Walk never got through the third. Richards crushed a single that Bowa did well to knock down. He fell behind Cash, 2-and-0, then gave up a hit-and-run single.

 

One walk to Turner later, Green decided his only hope to make his postgame plane to San Francisco was to get Walk out of there, there being nothing he could do about Eichelberger. So Lerrin LaGrow came on. But Winfield made it 3-0 with a sacrifice fly.

 

But meanwhile, Eichelberger was still plodding around out there, rubbing up baseballs and even pitching now and then.

 

The end for Eichelberger finally came in the fifth. Here's how it went: Manny Trillo single: Three-ball count to pinch-hitter George Vukovich. Line-drive out by Vukovich. Four-pitch walk to Pete Rose. Then 2-0 count to Bake McBride.

 

That was it. After four walks, eight three-ball counts and 74 pitches, Padres manager Jerry Coleman yanked Eichelberger, two outs away from going enough innings for his first win of the year. Lefthander Dennis Kinney came on and promptly served McBride's fourth homer, a game-tying shot into the football seats in right.

 

But Montanez drilled a two-out sixth-inning single off Saucier, the third of five Phillies pitchers. Then Flannery fisted a 3-2 pitch into just-deep-enough left-center. It ticked off Bowa's glove, bounced past Garry Maddox, and Montanez, running on the 3-2 pitch, scored.

 

Then the mustachioed one, Rollie Fingers, held the Phillies to save it for Kinney.
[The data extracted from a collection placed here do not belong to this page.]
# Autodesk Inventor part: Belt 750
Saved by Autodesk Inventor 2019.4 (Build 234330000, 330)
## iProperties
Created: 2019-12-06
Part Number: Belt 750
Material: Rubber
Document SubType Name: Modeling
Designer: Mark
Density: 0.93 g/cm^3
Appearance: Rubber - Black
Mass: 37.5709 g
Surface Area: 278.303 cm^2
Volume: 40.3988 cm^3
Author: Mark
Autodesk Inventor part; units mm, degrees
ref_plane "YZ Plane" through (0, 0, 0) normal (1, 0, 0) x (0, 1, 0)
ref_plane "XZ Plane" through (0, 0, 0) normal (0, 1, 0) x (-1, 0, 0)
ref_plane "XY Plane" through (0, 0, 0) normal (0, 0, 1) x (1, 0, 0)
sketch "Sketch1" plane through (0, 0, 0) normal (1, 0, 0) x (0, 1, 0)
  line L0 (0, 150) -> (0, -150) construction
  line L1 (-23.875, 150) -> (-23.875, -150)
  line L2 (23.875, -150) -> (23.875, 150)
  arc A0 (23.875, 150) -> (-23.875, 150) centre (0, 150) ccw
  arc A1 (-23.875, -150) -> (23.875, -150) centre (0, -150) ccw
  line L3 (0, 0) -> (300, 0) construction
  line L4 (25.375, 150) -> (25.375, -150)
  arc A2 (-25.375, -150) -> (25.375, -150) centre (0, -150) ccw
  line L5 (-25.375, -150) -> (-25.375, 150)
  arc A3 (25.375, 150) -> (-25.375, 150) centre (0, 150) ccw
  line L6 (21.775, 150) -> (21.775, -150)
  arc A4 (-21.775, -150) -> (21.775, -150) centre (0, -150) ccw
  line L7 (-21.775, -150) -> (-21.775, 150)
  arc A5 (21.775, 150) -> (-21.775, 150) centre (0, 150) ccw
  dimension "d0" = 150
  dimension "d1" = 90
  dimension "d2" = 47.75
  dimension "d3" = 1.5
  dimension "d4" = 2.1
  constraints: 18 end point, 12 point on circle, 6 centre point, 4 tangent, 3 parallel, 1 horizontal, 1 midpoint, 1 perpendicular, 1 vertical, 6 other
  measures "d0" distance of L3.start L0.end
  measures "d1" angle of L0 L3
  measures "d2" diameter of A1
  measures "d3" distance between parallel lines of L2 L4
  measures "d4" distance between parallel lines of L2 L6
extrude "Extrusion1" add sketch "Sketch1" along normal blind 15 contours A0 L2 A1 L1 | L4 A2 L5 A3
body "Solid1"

Kinney's last hitter was McBride, who failed to bunt two runners over in the seventh and then struck out. Fingers entered, threw a wild pitch and walked Mike Schmidt semi-intentionally to fill the bases.

 

But he fanned Greg Luzinski (three strikeouts) and got Bob Boone to escape that mess. Then he pitched out of a two-on, two-out jam in the eighth and finished in style striking out McBride, Schmidt and Luzinski in the ninth.

 

NOTES: Green was trying to avoid using his bullpen much, but Walk gave him no choice. "I didn't want to use Tug (four games in four days) at all today," he said. "If I can just get to the fifth or sixth inning with my starters I'm OK."... Luzinski is 2-for-11 on the trip. "I get in a groove a little bit. Then we go on the road, and all I see is a lot of crap," the Bull said. "I'm getting to the point where I'm wondering what a fastball looks like."... Rose on Eichelberger's warm-up act: "I wouldn't be surprised if he did it on purpose. Ain't nobody who's that damn wild."... Dan Larson vs. Allen Ripley in San Francisco tonight. Sunday shapes up as Steve Carlton vs. Vida Blue.